On Mon, Jun 11, 2012 at 10:26 PM, Takashi Iwai
At Sun, 10 Jun 2012 19:55:03 +0800, Marguerite Su wrote:
Hi, all,
I need some gtk coding help to fix scim related packages in M17N repository.
package status here: https://build.opensuse.org/project/monitor?blocked=0&building=0&dispatching=0&finished=0&project=M17N&scheduled=0&signing=0&succeeded=0
== Long version : ==
I updated scim main package to 1.4.13.
You may never heard of this project. It's an old Input Method Framework project. Upstream indeed didn't maintain it for a long time
They didn't claim it, but actually all Input Engine sub-packages can't be built against lastest IMF main package. it means they didn't maintain the input engine interfaces like scim-pinyin, scim-chewing, scim-anthy, scim-canna, scim-tables, scim-skk....all of them.
That's bad. Since these broken packages aren't maintained by the main scim project but they are individuals, maybe the scim developers just ignored the breakage.
yes...they ignored them. but only an IMF doesn't work...old and royal users still need engines to input.
So any upstream bug report will be "abandoned".
Even if we can open and wait, openSUSE can't. Here's the situation:
According to its maintenance status (inactive package maintainers in M17N and upstream, the latest SR against one of them is from coolo about 12 month ago), broken status and popularity among the users, we have made a deal to get rid of it from DVD. And I removed provides tag from scim main package.
But, because of sub packages' broken status against Factory, I can't submit any SR against them.
It means we may have about 10 broken dependency packages installed in openSUSE 12.2. ( newer version of scim, and old versions of all the others. they can't work together.)
So possible solutions are:
1. Drop them completely.
Since I fixed all the packages related to zh_CN locale, and I don't know how many people use it in other locales. I can't make such decision. And another reason is because SLE_11_SP2 is still using it. (SLE_11_SP2 is a longer supported version. if I drop them, it'll cause many problems to both SuSE staff and SLE users. Dependencies in SLE_11_SP2 are not new enough to build other IMF like IBus/Fcitx/Mozc/Gcin.)
2. Fix them and remove the provides tags from them.
That's exactly I did.
Some maintainers said just let scim die. but if we can let it die, we have already done. scim-anthy, scim-chewing and others didn't see any new release since 2006, we're still maintaining it. Because there're no other solutions in some of openSUSE derivatives.
Now I have fixed: scim-pinyin, scim-unikey, scim-anthy, scim-hangul.
I can't fix others because it's out of my effort.
Some of the GTK functions and macros used in them are too old (GTK 2.12) and have no new alternatives.

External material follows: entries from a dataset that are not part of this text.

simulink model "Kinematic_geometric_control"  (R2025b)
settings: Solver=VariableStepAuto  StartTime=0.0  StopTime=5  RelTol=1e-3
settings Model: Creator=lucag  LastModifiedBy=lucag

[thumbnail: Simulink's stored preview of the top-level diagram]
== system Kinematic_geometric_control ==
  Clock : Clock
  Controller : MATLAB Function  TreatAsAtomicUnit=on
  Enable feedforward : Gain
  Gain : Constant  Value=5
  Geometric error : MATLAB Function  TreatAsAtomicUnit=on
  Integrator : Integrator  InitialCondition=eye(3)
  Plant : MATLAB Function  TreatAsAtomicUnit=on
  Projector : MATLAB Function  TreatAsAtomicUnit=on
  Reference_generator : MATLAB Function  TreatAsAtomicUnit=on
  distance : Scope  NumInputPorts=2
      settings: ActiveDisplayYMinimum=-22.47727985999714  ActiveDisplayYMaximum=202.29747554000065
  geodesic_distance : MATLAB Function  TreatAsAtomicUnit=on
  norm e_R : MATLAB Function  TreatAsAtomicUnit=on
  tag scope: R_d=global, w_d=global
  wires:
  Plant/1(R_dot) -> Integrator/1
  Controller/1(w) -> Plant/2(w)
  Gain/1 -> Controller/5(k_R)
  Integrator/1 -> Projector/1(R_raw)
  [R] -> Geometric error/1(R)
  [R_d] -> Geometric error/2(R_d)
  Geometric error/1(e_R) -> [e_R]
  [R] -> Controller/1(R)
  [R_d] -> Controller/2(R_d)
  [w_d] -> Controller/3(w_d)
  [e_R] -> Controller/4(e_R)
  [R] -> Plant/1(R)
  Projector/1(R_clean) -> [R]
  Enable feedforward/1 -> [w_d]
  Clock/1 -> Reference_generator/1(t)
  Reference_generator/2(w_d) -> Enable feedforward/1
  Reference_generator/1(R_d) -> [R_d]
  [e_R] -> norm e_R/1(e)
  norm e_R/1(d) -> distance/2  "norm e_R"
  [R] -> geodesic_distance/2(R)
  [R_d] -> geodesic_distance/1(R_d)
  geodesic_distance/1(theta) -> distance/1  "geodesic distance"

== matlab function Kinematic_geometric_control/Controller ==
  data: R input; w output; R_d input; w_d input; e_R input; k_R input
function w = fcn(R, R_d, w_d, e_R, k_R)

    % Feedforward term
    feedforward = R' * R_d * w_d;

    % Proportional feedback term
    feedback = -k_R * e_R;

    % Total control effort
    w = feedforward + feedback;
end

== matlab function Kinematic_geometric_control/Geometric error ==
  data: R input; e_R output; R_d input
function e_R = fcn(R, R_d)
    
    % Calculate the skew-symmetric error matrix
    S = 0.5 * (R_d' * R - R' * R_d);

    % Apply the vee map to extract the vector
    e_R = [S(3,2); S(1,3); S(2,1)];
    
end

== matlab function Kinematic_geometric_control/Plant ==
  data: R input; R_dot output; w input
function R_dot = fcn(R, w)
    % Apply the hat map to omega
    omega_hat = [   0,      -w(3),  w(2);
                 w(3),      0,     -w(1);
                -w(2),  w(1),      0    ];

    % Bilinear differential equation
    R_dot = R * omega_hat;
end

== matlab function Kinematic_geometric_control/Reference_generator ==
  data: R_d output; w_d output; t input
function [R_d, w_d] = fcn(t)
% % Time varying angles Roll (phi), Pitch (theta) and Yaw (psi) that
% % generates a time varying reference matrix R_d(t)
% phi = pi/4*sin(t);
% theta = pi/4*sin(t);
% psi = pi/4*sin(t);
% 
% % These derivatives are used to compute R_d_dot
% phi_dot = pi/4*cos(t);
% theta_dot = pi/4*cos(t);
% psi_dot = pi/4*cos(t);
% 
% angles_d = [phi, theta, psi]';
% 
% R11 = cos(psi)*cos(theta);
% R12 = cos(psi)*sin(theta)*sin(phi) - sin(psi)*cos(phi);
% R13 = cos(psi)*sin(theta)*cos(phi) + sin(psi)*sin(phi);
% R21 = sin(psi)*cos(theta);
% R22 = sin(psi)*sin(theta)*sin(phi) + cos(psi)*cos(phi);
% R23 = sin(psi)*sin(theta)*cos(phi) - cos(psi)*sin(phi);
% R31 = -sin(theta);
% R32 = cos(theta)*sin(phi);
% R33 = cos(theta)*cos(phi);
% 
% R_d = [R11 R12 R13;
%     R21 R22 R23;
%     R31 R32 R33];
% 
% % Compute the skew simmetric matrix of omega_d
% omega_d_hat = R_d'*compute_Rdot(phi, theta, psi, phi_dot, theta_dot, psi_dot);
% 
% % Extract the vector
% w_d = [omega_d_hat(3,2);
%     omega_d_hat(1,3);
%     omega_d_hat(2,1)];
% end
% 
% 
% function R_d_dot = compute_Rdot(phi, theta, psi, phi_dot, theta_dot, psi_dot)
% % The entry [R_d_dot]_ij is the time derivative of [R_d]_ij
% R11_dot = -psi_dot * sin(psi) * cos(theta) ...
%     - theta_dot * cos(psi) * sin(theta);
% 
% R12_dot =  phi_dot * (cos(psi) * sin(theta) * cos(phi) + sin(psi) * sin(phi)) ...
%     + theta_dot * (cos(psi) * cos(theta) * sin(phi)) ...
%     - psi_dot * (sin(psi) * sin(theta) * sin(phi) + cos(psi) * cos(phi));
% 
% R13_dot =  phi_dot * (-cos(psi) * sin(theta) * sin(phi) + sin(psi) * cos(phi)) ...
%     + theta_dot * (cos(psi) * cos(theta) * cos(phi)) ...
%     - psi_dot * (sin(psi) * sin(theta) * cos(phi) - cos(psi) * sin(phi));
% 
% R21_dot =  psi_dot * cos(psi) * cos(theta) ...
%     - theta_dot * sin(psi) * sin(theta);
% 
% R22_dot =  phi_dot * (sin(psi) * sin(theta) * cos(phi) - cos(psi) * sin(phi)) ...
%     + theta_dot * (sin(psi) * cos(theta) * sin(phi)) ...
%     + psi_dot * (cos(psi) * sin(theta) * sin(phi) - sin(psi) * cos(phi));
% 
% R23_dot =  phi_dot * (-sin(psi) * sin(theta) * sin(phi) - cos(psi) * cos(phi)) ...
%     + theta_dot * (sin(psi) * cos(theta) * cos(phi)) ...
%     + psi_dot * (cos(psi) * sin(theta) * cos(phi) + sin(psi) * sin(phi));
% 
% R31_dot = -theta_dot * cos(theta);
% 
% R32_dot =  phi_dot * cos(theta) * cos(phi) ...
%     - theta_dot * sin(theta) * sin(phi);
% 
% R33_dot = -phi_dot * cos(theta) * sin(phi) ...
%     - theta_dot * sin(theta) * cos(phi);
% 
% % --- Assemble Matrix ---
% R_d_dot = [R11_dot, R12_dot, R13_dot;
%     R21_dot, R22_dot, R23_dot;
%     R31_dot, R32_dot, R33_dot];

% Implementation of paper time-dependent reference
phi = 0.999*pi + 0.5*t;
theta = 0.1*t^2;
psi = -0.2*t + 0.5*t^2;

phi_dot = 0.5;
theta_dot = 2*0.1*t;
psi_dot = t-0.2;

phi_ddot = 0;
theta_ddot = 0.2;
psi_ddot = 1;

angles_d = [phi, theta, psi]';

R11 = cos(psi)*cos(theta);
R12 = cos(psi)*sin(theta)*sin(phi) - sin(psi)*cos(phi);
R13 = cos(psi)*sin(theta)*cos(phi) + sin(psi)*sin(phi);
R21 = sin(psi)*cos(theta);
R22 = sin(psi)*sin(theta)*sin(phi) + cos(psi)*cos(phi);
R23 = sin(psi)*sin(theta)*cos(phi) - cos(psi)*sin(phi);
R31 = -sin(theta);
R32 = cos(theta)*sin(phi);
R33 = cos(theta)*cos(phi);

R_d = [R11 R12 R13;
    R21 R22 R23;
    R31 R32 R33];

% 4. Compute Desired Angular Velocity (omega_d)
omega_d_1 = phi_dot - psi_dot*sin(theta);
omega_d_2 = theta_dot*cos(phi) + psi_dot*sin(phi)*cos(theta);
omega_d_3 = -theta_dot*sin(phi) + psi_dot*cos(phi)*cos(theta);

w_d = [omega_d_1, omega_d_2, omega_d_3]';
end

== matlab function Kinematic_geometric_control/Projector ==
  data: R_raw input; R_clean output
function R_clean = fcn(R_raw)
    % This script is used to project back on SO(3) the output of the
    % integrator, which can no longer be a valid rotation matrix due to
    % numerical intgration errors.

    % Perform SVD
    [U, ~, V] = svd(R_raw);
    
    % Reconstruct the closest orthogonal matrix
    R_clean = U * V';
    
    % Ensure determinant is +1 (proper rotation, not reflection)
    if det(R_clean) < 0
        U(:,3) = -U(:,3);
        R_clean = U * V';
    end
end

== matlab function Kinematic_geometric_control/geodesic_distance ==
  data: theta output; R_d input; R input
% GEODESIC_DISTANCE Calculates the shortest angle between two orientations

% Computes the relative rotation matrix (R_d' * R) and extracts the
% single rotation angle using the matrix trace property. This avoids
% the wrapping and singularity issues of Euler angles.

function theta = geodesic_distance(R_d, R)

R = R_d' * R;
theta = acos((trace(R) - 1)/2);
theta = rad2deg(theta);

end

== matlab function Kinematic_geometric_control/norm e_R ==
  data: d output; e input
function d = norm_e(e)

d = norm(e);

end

It means we have to rewrite some lines of its codes. like GTK_Fileselection to GTK_Dialog, GTK_combo to GTK_combobox.
So if anyone have time and GTK coding experience, please offer some help.
Hmm, how other distros handle this update? Haven't they hit the same problems? I see both Ubuntu and Arch already updated to scim 1.4.13, but they can build scim-anthy as is.
Judging from the compile errors, isn't it just a side-effect of using GTK3 in SCIM...?
That's the most interesting part: I see Fedora and Ubuntu have 1.4.13 and all other packages the same version as us. But they didn't patch anything. they just build fine. that part confuses me. I'm not that fresh to packaing and patching...those functions in them are from gtk 2.12 era, which are already dropped for a long time. why they can built it without any problem... I just update the source of scim, I didn't modify spec at all...and in sub packages, they introduce /usr/include/gtk-3.0/ even if you didn't specify gtk3-devel in spec file. I'm fixing scim-skk/scim-table with help from community now. The fix is easy for ones with a little gtk coding experience, it's just function replacement. The most hard part is scim-chewing.